Karena begitu besar dan nyatanya dampak yang ditimbulkan oleh COVID-19 ini sehingga memaksa kita menyesuaikan kebiasan hidup dengan pola yang berbeda dari sebelumnya. Kebiasaan yang tadinya susah dilakukan pada situasi normal, dengan adanya COVID-19 ini membuat kita harus bisa menyesuaikan diri dan menjalani kebiasaan baru.
Cara kita memandang suatu persoalan akan menentukan pengambilan keputusan dan langkah-langkah untuk mengatasinya dan penerapan solusinya.
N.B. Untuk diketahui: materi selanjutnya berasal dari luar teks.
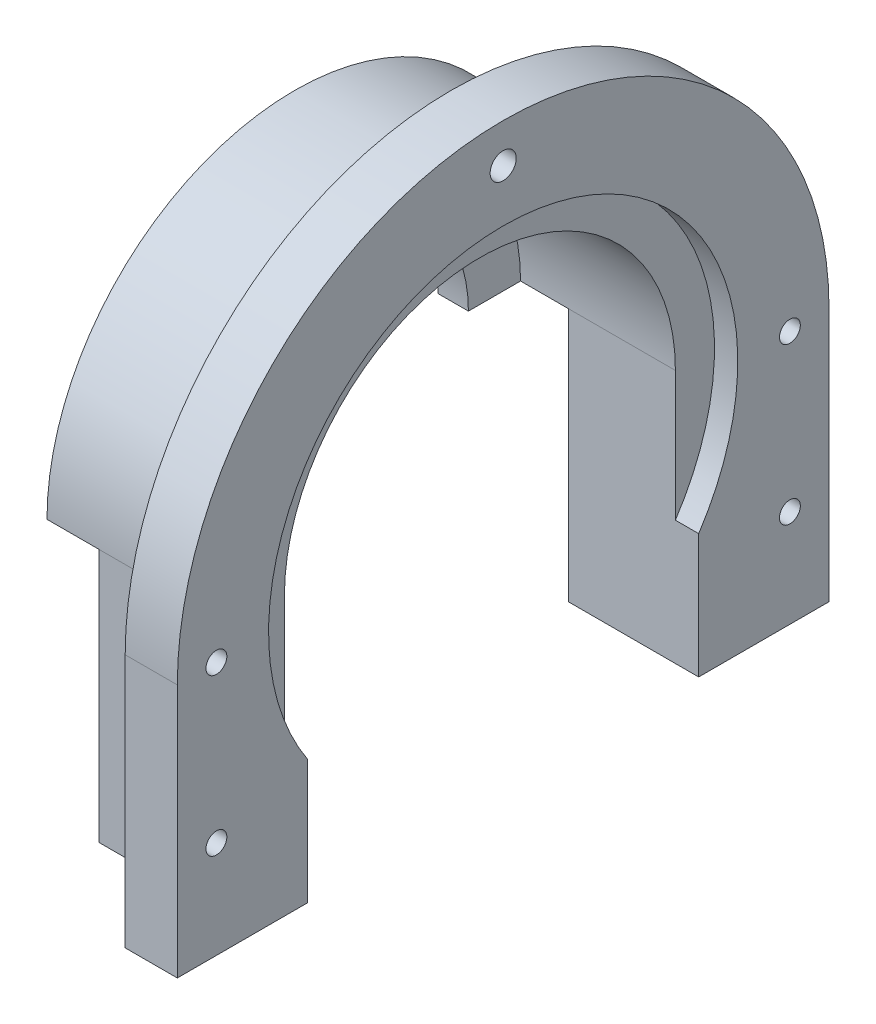
ISO-10303-21;
HEADER;
FILE_DESCRIPTION(('STEP AP214'),'2;1');
FILE_NAME('part.step','',(''),(''),'','','');
FILE_SCHEMA(('AUTOMOTIVE_DESIGN { 1 0 10303 214 1 1 1 1 }'));
ENDSEC;
DATA;
#1=APPLICATION_CONTEXT('core data for automotive mechanical design processes');
#2=APPLICATION_PROTOCOL_DEFINITION('international standard','automotive_design',2000,#1);
#3=PRODUCT_CONTEXT('',#1,'mechanical');
#4=PRODUCT('Part','Part','',(#3));
#5=PRODUCT_RELATED_PRODUCT_CATEGORY('part','',(#4));
#6=PRODUCT_DEFINITION_FORMATION('','',#4);
#7=PRODUCT_DEFINITION_CONTEXT('part definition',#1,'design');
#8=PRODUCT_DEFINITION('design','',#6,#7);
#9=PRODUCT_DEFINITION_SHAPE('','',#8);
#10=(LENGTH_UNIT() NAMED_UNIT(*) SI_UNIT(.MILLI.,.METRE.));
#11=(NAMED_UNIT(*) PLANE_ANGLE_UNIT() SI_UNIT($,.RADIAN.));
#12=(NAMED_UNIT(*) SI_UNIT($,.STERADIAN.) SOLID_ANGLE_UNIT());
#13=UNCERTAINTY_MEASURE_WITH_UNIT(LENGTH_MEASURE(1.E-05),#10,'distance_accuracy_value','');
#14=(GEOMETRIC_REPRESENTATION_CONTEXT(3) GLOBAL_UNCERTAINTY_ASSIGNED_CONTEXT((#13)) GLOBAL_UNIT_ASSIGNED_CONTEXT((#10,
#11,#12)) REPRESENTATION_CONTEXT('',''));
#15=CARTESIAN_POINT('',(0.,0.,0.));
#16=DIRECTION('',(0.,0.,1.));
#17=DIRECTION('',(1.,0.,0.));
#18=AXIS2_PLACEMENT_3D('',#15,#16,#17);
#19=CARTESIAN_POINT('',(30.,0.,0.));
#20=DIRECTION('',(-1.,0.,0.));
#21=DIRECTION('',(0.,0.,1.));
#22=AXIS2_PLACEMENT_3D('',#19,#20,#21);
#23=CYLINDRICAL_SURFACE('',#22,37.5);
#24=CARTESIAN_POINT('',(35.5344886511846,0.,0.));
#25=DIRECTION('',(1.,0.,0.));
#26=DIRECTION('',(0.,1.,0.));
#27=AXIS2_PLACEMENT_3D('',#24,#25,#26);
#28=CIRCLE('',#27,37.5);
#29=CARTESIAN_POINT('',(35.5344886511846,0.,37.5));
#30=VERTEX_POINT('',#29);
#31=CARTESIAN_POINT('',(35.5344886511846,0.,-37.5));
#32=VERTEX_POINT('',#31);
#33=EDGE_CURVE('E170',#30,#32,#28,.F.);
#34=ORIENTED_EDGE('',*,*,#33,.F.);
#35=DIRECTION('',(-1.,0.,0.));
#36=VECTOR('',#35,1.);
#37=CARTESIAN_POINT('',(30.,0.,37.5));
#38=LINE('',#37,#36);
#39=CARTESIAN_POINT('',(10.,0.,37.5));
#40=VERTEX_POINT('',#39);
#41=EDGE_CURVE('E181',#30,#40,#38,.T.);
#42=ORIENTED_EDGE('',*,*,#41,.T.);
#43=DIRECTION('',(1.,0.,0.));
#44=VECTOR('',#43,1.);
#45=CARTESIAN_POINT('',(-78.0180605050575,0.,37.5));
#46=LINE('',#45,#44);
#47=CARTESIAN_POINT('',(5.83448865118458,0.,37.5));
#48=VERTEX_POINT('',#47);
#49=EDGE_CURVE('E182',#48,#40,#46,.T.);
#50=ORIENTED_EDGE('',*,*,#49,.F.);
#51=CARTESIAN_POINT('',(5.83448865118458,0.,0.));
#52=DIRECTION('',(1.,0.,0.));
#53=DIRECTION('',(0.,1.,0.));
#54=AXIS2_PLACEMENT_3D('',#51,#52,#53);
#55=CIRCLE('',#54,37.5);
#56=CARTESIAN_POINT('',(5.83448865118458,0.,-37.5));
#57=VERTEX_POINT('',#56);
#58=EDGE_CURVE('E193',#48,#57,#55,.F.);
#59=ORIENTED_EDGE('',*,*,#58,.T.);
#60=DIRECTION('',(-1.,0.,0.));
#61=VECTOR('',#60,1.);
#62=CARTESIAN_POINT('',(30.,0.,-37.5));
#63=LINE('',#62,#61);
#64=CARTESIAN_POINT('',(15.,0.,-37.5));
#65=VERTEX_POINT('',#64);
#66=EDGE_CURVE('E309',#65,#57,#63,.T.);
#67=ORIENTED_EDGE('',*,*,#66,.F.);
#68=EDGE_CURVE('E310',#32,#65,#63,.T.);
#69=ORIENTED_EDGE('',*,*,#68,.F.);
#70=EDGE_LOOP('',(#34,#42,#50,#59,#67,#69));
#71=FACE_BOUND('',#70,.T.);
#72=ADVANCED_FACE('F36',(#71),#23,.F.);
#73=CARTESIAN_POINT('',(30.,-81.0478555971922,37.5));
#74=DIRECTION('',(0.,0.,1.));
#75=DIRECTION('',(0.,-1.,0.));
#76=AXIS2_PLACEMENT_3D('',#73,#74,#75);
#77=PLANE('',#76);
#78=DIRECTION('',(1.,0.,0.));
#79=VECTOR('',#78,1.);
#80=CARTESIAN_POINT('',(-91.7447319623941,-24.8746859276655,37.5));
#81=LINE('',#80,#79);
#82=CARTESIAN_POINT('',(40.,-24.8746859276655,37.5));
#83=VERTEX_POINT('',#82);
#84=CARTESIAN_POINT('',(35.5344886511846,-24.8746859276655,37.5));
#85=VERTEX_POINT('',#84);
#86=EDGE_CURVE('E161',#83,#85,#81,.F.);
#87=ORIENTED_EDGE('',*,*,#86,.F.);
#88=DIRECTION('',(0.,1.,0.));
#89=VECTOR('',#88,1.);
#90=CARTESIAN_POINT('',(40.,-48.6871758221943,37.5));
#91=LINE('',#90,#89);
#92=CARTESIAN_POINT('',(40.,-48.6871758221943,37.5));
#93=VERTEX_POINT('',#92);
#94=EDGE_CURVE('E239',#93,#83,#91,.T.);
#95=ORIENTED_EDGE('',*,*,#94,.F.);
#96=DIRECTION('',(1.,0.,0.));
#97=VECTOR('',#96,1.);
#98=CARTESIAN_POINT('',(30.,-48.6871758221943,37.5));
#99=LINE('',#98,#97);
#100=CARTESIAN_POINT('',(10.,-48.6871758221943,37.5));
#101=VERTEX_POINT('',#100);
#102=EDGE_CURVE('E302',#101,#93,#99,.T.);
#103=ORIENTED_EDGE('',*,*,#102,.F.);
#104=DIRECTION('',(0.,1.,0.));
#105=VECTOR('',#104,1.);
#106=CARTESIAN_POINT('',(10.,-81.0478555971922,37.5));
#107=LINE('',#106,#105);
#108=EDGE_CURVE('E293',#101,#40,#107,.T.);
#109=ORIENTED_EDGE('',*,*,#108,.T.);
#110=ORIENTED_EDGE('',*,*,#41,.F.);
#111=DIRECTION('',(0.,1.,0.));
#112=VECTOR('',#111,1.);
#113=CARTESIAN_POINT('',(35.5344886511846,-81.0478555971922,37.5));
#114=LINE('',#113,#112);
#115=EDGE_CURVE('E174',#85,#30,#114,.T.);
#116=ORIENTED_EDGE('',*,*,#115,.F.);
#117=EDGE_LOOP('',(#87,#95,#103,#109,#110,#116));
#118=FACE_BOUND('',#117,.T.);
#119=ADVANCED_FACE('F179',(#118),#77,.F.);
#120=CARTESIAN_POINT('',(30.,-81.0478555971922,-37.5));
#121=DIRECTION('',(0.,0.,-1.));
#122=DIRECTION('',(0.,1.,0.));
#123=AXIS2_PLACEMENT_3D('',#120,#121,#122);
#124=PLANE('',#123);
#125=DIRECTION('',(1.,0.,0.));
#126=VECTOR('',#125,1.);
#127=CARTESIAN_POINT('',(-91.7447319623941,-24.8746859276656,-37.5));
#128=LINE('',#127,#126);
#129=CARTESIAN_POINT('',(35.5344886511846,-24.8746859276656,-37.5));
#130=VERTEX_POINT('',#129);
#131=CARTESIAN_POINT('',(40.,-24.8746859276656,-37.5));
#132=VERTEX_POINT('',#131);
#133=EDGE_CURVE('E51',#130,#132,#128,.T.);
#134=ORIENTED_EDGE('',*,*,#133,.F.);
#135=DIRECTION('',(0.,-1.,0.));
#136=VECTOR('',#135,1.);
#137=CARTESIAN_POINT('',(35.5344886511846,-81.0478555971922,-37.5));
#138=LINE('',#137,#136);
#139=EDGE_CURVE('E12',#32,#130,#138,.T.);
#140=ORIENTED_EDGE('',*,*,#139,.F.);
#141=ORIENTED_EDGE('',*,*,#68,.T.);
#142=DIRECTION('',(0.,1.,0.));
#143=VECTOR('',#142,1.);
#144=CARTESIAN_POINT('',(15.,-81.0478555971922,-37.5));
#145=LINE('',#144,#143);
#146=CARTESIAN_POINT('',(15.,-48.6871758221943,-37.5));
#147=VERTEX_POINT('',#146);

Demikian pula dalam menggerakkan kembali kegiatan kepariwisataan Bali mau tidak mau harus mengadopsi tatanan menuju pariwisata berkualitas baik dalam aspek produk (product), pelayanan (service) maupun tata kelola (management).
Hal ini terlihat sebagai upaya nyata dalam deklarasi Program Kepariwisataan dalam Tatanan Kehidupan Era Baru dan Digitalisasi Pariwisata dalam Penerapan Tatatan Kehidupan Era baru Provinsi Bali yang diluncurkan pada 30 Juli 2020.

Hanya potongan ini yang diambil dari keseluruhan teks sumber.